Naturally, the bees, hearing this, would all swarm out of their hives looking for the person who wanted to steal their hunny, errr, honey. But, of course, no matter which hive they swarmed from, there would be a nearby Winnie-the-Pooh to take off after to try to get their hunny back.
After the first four hits in the second inning, the brouhaha became unstoppable. There were bees and Winnies everywhere, all flying and / or running around in a panic. The Fusers, many of whom, it turns out, are allergic to bee stings, were tagged out after every hit because they refused to stay on base when it was swarming with bees. The Fusers manager, Buck McCall tried to call 'time out', not once, but several times, but the umpires were also running around like chickens sans heads, if you get the picture. Fortunately, for the Fusers, the Payne Brothers Hunny Emporium, a Spondyville landmark since 1947, is only a couple of blocks from Brogna Field, and the Fusers quick thinking manager called for an immediate delivery of their famed purple hunny pots, (“with the hunny inside!”) placing one pot on each base to appease the bees and reassure them that no-one was taking their hunny. The Winnie-the-Pooh impersonators were then rounded up by Spondyville town constable Crimp (The cop with the limp), and by the seventh inning, order had been restored. Unfortunately, by that time, the Fusers had stranded more than a dozen men on base, and the Cronies, (who all wore bee repellent and padded uniforms that day), shamefully won the game Five to Nothing.

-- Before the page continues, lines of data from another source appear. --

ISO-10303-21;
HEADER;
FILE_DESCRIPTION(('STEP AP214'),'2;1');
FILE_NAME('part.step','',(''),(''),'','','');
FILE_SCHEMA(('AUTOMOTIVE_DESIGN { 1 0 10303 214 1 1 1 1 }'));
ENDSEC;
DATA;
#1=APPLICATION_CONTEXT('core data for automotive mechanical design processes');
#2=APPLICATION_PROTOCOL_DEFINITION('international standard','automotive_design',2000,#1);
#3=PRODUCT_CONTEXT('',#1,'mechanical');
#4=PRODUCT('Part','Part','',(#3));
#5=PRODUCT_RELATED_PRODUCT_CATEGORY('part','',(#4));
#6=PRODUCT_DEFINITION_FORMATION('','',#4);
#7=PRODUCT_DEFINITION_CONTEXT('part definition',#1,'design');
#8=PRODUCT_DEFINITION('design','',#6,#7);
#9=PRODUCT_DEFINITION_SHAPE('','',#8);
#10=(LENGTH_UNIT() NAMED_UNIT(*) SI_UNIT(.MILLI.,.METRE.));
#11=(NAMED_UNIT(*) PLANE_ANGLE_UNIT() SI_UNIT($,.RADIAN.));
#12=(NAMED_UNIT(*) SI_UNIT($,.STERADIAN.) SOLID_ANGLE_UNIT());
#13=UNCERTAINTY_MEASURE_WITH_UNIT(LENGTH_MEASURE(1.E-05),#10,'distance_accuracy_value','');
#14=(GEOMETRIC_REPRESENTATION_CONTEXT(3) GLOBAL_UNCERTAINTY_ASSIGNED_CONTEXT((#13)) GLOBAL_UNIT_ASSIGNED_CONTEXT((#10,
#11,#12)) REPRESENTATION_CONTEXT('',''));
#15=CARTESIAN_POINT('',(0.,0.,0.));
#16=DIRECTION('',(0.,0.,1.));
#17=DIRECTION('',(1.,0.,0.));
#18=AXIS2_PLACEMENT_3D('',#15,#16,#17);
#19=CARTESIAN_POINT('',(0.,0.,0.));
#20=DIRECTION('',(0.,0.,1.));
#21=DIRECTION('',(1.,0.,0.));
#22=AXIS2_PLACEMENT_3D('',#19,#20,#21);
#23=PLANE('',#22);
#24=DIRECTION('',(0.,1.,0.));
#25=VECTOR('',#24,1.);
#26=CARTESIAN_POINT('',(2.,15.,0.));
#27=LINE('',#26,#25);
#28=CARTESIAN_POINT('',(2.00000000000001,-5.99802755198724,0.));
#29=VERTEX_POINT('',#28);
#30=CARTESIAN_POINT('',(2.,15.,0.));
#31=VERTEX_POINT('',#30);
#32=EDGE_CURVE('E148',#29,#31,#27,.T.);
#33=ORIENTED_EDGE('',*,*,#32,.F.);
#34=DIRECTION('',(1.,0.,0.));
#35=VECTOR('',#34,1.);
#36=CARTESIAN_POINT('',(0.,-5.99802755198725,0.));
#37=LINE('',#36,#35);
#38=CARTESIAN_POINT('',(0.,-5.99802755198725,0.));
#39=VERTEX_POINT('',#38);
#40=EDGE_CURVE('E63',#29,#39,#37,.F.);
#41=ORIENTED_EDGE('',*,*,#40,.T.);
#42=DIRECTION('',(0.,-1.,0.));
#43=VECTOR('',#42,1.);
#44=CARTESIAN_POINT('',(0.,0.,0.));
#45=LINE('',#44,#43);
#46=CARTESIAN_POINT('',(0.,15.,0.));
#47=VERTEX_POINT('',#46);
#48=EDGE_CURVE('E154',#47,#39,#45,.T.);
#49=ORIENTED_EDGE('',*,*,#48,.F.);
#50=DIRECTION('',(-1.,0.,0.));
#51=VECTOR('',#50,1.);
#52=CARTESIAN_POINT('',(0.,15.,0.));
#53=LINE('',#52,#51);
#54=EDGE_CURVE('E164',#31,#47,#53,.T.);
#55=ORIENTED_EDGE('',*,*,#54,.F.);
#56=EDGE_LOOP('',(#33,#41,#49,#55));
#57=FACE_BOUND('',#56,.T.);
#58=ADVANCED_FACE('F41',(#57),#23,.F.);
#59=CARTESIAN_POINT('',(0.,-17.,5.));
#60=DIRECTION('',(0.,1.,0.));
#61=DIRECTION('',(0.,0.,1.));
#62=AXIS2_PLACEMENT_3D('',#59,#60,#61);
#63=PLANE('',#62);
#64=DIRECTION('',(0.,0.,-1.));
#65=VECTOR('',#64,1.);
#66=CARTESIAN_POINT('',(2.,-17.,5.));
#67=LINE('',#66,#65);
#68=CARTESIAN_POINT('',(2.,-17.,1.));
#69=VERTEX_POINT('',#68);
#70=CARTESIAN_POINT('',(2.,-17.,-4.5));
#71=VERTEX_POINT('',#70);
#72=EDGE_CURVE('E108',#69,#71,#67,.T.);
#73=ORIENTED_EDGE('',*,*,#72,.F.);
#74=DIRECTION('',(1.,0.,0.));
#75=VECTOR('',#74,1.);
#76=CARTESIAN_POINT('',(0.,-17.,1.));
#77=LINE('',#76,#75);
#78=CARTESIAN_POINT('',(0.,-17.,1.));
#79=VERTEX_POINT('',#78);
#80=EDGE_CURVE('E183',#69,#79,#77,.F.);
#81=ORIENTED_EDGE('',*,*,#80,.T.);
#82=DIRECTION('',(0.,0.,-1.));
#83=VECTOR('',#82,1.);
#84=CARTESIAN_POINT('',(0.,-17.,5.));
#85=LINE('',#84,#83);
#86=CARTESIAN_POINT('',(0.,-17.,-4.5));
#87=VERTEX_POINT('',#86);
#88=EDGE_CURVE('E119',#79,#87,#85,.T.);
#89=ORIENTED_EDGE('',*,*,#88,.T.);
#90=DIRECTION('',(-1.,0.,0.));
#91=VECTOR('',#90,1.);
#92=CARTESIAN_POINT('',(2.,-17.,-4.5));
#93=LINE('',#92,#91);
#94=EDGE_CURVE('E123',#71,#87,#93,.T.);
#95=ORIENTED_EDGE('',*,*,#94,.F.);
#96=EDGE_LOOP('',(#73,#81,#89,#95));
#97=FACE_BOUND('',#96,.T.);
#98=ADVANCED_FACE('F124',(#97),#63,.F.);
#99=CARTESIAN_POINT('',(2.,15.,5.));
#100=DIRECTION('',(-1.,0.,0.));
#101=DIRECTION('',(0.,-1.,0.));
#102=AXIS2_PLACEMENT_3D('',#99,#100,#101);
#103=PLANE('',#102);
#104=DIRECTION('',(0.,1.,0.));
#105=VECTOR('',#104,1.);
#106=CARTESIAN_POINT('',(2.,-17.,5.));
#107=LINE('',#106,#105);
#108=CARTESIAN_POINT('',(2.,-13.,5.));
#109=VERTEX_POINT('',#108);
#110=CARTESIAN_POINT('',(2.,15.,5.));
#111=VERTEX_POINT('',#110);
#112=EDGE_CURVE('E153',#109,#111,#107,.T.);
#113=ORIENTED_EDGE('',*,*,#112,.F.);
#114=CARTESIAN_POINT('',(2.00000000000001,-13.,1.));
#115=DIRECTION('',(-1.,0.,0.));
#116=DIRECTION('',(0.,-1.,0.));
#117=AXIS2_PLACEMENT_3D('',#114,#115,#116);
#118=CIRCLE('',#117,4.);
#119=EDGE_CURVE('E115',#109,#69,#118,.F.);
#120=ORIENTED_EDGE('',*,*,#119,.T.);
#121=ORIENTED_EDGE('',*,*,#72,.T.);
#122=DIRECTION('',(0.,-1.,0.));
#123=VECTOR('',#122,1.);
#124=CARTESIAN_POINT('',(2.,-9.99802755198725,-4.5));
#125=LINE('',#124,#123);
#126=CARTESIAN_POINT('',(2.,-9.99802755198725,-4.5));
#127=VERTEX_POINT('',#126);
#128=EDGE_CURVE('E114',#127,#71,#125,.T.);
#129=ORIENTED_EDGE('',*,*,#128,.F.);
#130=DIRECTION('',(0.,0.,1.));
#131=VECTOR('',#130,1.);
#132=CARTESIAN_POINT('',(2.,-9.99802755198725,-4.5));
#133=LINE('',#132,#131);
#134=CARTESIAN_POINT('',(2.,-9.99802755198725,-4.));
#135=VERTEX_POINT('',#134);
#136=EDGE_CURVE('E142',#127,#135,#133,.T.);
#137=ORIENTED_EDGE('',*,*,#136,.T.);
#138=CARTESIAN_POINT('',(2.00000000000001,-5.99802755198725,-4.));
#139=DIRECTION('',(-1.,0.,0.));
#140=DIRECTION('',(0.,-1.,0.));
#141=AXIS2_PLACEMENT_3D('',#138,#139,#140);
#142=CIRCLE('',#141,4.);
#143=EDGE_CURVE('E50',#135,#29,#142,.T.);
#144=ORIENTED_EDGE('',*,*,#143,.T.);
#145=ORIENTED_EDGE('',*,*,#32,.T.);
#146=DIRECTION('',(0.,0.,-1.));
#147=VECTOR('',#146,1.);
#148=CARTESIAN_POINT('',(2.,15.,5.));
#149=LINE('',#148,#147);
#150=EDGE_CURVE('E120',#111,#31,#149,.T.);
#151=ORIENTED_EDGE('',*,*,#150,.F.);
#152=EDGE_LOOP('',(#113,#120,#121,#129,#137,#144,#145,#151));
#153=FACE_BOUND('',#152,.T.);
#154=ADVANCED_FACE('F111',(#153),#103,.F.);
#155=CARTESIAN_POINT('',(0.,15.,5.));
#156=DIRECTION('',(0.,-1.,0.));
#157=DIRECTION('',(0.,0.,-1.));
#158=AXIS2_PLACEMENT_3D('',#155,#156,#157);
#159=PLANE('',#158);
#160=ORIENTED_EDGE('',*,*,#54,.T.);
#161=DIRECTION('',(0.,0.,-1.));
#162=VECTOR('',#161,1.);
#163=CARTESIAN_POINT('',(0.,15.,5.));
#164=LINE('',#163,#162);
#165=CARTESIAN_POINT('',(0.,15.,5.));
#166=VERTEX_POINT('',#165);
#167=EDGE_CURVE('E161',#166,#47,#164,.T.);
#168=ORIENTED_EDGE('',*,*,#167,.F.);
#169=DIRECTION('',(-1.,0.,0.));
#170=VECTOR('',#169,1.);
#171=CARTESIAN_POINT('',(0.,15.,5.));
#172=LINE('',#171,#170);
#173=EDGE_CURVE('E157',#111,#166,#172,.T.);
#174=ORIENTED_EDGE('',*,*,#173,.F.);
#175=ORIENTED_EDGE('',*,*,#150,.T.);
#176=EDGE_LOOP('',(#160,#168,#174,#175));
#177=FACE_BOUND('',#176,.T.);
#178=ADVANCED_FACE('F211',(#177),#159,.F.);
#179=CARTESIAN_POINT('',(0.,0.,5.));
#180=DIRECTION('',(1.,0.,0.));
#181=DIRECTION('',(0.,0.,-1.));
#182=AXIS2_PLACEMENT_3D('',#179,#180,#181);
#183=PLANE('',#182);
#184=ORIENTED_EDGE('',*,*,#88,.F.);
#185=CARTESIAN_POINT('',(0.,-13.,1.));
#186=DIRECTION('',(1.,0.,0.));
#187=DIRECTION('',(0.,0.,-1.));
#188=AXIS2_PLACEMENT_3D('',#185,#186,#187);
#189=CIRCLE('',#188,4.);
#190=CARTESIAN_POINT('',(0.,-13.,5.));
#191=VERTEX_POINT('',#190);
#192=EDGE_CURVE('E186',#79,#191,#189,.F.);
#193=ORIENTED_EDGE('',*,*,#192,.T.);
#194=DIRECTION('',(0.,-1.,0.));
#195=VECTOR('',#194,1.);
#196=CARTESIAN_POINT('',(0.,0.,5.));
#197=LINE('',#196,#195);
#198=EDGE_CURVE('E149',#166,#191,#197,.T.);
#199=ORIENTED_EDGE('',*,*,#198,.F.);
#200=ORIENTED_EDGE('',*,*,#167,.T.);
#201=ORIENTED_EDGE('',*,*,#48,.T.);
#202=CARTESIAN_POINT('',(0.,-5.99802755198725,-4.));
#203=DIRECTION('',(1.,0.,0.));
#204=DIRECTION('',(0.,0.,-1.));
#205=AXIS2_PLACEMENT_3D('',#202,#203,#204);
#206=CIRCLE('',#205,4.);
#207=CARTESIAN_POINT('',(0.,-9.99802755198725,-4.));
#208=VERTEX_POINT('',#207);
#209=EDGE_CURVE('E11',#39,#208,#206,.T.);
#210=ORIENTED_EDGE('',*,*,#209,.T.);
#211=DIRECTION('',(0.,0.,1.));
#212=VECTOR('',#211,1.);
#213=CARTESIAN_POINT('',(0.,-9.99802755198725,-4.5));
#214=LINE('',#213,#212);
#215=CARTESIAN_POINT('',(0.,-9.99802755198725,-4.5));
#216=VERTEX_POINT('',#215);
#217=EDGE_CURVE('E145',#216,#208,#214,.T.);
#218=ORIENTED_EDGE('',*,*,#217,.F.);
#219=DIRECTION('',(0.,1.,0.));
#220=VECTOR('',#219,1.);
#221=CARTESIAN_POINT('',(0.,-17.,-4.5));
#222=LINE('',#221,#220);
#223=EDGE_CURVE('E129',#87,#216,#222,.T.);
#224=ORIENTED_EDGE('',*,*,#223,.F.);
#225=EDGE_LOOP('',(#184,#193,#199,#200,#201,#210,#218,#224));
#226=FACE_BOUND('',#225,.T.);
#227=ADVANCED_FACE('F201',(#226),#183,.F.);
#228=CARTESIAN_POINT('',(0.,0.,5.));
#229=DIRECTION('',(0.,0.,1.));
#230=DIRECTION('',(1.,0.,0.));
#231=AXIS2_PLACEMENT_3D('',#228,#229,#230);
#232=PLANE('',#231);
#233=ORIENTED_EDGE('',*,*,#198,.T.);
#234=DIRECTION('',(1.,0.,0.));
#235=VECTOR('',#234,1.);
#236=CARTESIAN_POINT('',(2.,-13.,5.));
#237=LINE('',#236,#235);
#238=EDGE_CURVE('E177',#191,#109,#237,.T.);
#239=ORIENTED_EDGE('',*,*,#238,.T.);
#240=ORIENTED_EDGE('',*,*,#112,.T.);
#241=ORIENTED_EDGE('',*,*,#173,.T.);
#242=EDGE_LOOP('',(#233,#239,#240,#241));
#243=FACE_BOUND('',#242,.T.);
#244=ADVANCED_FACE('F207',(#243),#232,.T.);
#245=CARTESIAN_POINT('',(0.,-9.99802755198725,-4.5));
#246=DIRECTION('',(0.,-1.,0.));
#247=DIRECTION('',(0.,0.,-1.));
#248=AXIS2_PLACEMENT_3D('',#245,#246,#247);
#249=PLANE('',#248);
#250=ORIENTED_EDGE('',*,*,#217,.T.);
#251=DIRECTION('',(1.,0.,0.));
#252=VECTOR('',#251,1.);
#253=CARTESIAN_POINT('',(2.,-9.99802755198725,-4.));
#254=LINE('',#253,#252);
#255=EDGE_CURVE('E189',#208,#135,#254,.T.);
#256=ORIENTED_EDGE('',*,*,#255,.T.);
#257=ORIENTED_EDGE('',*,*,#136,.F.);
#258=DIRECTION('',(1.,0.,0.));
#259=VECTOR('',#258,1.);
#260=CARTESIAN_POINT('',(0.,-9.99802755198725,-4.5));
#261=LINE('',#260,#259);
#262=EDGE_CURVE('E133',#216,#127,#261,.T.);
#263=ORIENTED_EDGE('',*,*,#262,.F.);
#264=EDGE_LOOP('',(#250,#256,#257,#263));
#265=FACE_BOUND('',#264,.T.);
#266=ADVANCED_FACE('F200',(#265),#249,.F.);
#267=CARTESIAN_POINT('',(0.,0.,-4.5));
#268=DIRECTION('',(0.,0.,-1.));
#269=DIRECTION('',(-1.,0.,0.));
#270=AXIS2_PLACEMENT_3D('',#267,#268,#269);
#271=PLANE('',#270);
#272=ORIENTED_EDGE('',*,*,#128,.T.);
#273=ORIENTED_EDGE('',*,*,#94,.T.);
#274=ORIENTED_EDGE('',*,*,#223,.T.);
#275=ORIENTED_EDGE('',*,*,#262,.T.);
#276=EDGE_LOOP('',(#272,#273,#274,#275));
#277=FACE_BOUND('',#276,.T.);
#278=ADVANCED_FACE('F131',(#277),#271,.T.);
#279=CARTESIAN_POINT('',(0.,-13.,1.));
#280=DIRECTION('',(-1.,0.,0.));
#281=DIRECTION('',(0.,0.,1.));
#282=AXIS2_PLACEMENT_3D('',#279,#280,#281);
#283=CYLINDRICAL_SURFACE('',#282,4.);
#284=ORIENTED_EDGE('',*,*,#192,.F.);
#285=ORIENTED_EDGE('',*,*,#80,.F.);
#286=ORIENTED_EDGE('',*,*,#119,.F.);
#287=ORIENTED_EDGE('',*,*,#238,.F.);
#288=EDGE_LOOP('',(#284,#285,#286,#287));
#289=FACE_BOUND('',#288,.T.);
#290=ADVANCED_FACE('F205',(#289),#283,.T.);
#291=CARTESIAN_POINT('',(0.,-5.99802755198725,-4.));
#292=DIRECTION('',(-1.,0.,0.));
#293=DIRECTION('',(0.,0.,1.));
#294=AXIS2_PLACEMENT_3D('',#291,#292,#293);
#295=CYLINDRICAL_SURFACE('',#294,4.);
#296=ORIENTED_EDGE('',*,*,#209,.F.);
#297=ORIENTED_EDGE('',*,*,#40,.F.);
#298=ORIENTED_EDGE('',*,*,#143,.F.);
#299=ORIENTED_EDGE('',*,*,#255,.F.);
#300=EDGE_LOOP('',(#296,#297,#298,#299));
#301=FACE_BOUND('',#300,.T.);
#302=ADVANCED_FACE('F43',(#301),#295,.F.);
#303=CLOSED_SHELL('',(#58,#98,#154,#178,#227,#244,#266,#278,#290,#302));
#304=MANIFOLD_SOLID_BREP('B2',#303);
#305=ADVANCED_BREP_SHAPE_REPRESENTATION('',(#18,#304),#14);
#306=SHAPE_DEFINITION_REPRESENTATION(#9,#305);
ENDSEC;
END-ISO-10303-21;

Fortunately, this year, manager Buck McCall and the Fusers were ready for any mischief that the Cronies might try to pull, and confiscated 12 rubber chickens, 22 whoopee cushions and several gallons of molasses after a thorough search of the Cronies equipment bags.
The games were played without incident … the Fusers managed four inside-the-park singles to win the first game, 1-0 in ten innings, and the Cronies eeked out a win in the second game, 17-3.